PROBLEM DETAILS -
Look through the records and copy each line that has "LIBS" in it.

DATA SHOWN -
+===+

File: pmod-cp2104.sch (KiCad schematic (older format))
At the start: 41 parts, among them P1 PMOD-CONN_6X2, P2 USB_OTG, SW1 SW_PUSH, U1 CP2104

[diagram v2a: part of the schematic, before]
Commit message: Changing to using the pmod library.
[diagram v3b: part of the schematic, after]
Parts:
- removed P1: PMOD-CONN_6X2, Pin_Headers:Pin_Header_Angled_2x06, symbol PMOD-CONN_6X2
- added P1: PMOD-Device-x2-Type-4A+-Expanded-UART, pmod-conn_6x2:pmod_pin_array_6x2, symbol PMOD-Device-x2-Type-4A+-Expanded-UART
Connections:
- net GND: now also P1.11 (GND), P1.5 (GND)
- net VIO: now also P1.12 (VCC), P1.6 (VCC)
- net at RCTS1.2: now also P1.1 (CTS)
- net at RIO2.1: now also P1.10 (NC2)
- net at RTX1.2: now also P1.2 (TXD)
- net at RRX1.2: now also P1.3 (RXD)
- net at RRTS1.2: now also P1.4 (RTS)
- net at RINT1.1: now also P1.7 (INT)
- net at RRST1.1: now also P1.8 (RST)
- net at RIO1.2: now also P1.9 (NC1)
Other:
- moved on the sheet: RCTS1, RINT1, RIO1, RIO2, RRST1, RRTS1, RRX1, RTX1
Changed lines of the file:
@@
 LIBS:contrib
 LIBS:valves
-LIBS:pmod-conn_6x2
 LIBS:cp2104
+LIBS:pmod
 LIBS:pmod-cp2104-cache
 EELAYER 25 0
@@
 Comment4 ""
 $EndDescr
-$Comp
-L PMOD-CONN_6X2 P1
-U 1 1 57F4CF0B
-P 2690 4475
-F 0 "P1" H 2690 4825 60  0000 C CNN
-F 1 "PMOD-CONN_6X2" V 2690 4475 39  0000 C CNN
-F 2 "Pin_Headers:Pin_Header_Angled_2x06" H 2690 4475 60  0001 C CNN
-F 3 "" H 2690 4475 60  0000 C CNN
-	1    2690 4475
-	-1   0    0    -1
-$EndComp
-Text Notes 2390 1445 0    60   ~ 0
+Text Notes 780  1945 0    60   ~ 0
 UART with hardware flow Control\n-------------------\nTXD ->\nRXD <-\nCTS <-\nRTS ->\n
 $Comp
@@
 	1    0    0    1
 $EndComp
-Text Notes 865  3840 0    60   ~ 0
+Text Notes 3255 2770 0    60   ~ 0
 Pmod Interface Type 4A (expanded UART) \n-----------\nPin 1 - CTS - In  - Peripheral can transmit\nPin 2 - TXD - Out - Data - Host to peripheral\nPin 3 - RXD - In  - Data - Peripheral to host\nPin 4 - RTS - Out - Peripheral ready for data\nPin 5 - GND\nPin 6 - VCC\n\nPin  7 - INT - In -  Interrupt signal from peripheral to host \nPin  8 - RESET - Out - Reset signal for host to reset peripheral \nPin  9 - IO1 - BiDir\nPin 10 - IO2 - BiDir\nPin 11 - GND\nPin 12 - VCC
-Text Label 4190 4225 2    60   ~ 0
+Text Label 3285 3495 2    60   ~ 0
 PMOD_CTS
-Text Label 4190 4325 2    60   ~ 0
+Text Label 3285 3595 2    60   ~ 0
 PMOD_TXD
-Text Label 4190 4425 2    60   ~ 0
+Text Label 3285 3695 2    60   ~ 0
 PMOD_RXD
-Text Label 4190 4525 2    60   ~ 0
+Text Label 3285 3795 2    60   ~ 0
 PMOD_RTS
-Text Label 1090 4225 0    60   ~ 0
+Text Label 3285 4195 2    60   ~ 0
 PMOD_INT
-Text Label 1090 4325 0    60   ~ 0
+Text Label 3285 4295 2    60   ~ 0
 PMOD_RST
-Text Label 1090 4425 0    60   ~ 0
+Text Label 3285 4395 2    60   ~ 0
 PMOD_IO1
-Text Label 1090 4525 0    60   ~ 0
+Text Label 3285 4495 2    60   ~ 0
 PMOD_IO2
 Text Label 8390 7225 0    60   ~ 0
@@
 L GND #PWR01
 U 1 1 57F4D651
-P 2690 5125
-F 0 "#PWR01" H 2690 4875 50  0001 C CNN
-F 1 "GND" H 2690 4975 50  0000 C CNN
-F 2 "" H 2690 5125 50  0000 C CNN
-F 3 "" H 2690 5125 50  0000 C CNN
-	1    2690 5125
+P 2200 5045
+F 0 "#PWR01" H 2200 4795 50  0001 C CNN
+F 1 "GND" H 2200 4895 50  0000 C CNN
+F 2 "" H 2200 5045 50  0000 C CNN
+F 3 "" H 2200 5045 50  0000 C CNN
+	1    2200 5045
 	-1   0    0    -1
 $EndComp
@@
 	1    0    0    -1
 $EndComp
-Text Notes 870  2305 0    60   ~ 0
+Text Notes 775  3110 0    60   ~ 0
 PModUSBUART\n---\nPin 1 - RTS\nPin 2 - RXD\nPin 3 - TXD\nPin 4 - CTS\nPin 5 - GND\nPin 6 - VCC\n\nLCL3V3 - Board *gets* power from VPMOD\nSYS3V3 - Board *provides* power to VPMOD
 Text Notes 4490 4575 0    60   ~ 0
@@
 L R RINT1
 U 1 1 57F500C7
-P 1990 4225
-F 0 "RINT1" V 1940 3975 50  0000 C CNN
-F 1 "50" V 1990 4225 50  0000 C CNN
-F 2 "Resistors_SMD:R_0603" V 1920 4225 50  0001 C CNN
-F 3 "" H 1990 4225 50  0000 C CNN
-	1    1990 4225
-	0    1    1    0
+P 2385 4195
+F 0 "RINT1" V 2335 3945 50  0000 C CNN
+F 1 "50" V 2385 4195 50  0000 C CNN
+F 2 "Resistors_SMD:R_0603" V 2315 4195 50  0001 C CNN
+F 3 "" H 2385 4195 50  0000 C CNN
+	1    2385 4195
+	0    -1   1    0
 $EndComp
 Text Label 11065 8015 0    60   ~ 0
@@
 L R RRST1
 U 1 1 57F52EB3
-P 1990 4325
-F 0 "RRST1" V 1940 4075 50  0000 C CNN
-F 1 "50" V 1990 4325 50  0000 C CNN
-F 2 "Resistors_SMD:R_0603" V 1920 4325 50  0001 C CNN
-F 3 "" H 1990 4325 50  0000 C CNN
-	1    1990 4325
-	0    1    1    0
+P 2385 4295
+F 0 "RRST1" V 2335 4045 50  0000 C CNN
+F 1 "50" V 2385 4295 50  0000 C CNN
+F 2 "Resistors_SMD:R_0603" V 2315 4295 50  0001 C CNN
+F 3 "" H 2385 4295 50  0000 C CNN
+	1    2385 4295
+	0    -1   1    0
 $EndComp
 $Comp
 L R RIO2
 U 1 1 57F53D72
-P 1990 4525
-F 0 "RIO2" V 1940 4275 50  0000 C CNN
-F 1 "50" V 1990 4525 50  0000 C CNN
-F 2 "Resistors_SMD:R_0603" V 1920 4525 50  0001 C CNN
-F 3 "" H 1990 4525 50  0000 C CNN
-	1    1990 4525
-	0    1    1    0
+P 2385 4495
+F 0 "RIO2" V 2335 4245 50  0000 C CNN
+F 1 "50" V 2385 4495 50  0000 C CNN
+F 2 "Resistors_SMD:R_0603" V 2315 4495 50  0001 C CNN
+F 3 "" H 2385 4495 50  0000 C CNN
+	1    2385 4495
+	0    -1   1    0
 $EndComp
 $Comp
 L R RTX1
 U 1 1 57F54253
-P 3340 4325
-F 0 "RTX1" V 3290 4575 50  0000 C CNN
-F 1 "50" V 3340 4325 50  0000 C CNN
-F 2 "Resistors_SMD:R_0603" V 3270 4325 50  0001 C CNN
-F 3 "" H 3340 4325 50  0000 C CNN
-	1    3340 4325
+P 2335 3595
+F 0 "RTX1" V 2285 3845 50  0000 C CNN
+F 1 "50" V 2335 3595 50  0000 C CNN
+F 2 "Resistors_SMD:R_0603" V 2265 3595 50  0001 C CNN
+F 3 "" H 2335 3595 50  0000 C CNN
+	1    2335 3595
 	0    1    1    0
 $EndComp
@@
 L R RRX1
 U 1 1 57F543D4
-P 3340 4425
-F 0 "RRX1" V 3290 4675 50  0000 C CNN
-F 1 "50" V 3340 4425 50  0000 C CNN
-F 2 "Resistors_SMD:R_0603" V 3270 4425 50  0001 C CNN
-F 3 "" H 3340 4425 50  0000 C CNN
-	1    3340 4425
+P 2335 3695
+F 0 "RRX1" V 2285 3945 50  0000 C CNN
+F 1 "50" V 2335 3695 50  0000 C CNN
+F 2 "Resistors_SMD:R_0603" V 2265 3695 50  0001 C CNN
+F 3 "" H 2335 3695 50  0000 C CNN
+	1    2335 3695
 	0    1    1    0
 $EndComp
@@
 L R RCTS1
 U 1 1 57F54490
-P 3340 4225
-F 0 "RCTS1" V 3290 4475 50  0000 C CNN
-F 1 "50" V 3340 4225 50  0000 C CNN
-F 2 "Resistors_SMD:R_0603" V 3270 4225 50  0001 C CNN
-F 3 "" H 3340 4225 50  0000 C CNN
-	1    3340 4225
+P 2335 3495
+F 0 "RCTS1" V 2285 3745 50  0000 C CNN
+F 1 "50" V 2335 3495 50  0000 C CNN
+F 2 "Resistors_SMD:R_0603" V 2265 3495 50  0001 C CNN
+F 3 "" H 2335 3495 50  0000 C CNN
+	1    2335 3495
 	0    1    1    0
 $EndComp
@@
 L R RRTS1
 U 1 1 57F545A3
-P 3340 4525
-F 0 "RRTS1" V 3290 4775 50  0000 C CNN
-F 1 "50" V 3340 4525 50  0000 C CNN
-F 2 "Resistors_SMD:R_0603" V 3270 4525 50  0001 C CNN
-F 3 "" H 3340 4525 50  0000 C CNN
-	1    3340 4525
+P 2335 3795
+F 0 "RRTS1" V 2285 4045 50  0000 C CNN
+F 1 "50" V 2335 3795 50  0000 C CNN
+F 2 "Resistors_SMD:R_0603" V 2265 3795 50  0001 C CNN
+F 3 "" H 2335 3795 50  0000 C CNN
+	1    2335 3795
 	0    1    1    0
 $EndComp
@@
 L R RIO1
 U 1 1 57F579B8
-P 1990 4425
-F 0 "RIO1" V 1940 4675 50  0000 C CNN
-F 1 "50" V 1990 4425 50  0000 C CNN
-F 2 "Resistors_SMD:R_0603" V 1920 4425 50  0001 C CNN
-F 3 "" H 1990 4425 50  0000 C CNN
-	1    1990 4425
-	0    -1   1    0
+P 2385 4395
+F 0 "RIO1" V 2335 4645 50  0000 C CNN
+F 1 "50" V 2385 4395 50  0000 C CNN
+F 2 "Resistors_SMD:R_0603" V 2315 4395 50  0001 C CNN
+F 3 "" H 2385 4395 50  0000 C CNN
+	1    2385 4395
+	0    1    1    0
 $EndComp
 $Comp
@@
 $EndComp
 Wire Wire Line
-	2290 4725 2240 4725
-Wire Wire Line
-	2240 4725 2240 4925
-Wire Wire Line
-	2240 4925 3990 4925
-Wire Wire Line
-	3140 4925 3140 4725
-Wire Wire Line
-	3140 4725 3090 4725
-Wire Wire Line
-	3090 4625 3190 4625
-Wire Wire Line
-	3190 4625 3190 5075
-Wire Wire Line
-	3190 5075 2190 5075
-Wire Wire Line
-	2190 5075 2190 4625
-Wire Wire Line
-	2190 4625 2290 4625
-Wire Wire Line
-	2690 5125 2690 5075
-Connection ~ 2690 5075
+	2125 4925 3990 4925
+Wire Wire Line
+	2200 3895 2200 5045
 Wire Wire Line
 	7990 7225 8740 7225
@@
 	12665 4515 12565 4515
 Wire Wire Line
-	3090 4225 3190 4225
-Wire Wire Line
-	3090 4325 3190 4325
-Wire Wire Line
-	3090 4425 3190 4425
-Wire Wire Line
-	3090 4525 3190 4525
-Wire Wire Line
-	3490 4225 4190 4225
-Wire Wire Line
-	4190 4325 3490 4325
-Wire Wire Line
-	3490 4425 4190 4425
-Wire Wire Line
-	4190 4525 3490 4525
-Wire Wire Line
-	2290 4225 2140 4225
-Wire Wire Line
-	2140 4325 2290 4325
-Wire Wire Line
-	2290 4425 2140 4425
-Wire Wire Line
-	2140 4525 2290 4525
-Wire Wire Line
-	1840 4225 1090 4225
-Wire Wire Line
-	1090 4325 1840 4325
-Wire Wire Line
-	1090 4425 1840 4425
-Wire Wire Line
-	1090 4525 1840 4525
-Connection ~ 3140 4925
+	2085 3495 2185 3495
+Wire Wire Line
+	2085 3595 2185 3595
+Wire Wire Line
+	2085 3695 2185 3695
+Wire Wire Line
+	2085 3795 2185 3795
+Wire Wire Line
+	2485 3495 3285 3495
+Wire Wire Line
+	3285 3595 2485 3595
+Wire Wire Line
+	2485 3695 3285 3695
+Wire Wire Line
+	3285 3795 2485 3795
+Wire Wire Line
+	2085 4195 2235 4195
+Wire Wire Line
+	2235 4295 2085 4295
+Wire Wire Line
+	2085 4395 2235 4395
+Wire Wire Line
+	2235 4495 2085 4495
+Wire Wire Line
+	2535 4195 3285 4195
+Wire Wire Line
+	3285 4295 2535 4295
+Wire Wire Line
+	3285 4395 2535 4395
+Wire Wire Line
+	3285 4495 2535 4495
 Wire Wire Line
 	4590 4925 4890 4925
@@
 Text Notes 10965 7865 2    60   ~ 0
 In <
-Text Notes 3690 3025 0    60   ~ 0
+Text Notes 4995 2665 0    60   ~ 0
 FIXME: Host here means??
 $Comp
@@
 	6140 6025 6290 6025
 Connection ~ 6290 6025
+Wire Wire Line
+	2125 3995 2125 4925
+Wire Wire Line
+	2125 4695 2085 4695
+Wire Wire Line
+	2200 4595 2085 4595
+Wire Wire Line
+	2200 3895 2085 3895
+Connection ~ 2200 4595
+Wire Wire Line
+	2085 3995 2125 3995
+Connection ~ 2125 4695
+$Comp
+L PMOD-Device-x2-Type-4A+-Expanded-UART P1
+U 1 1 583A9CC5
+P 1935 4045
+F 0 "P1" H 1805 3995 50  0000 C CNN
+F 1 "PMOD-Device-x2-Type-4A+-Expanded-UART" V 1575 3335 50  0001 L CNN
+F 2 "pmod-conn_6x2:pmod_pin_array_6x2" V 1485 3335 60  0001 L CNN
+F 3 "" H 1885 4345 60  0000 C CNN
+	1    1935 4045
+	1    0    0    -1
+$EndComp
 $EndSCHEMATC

+===+

ANSWER SECTION -
 LIBS:contrib
 LIBS:valves
-LIBS:pmod-conn_6x2
 LIBS:cp2104
+LIBS:pmod
 LIBS:pmod-cp2104-cache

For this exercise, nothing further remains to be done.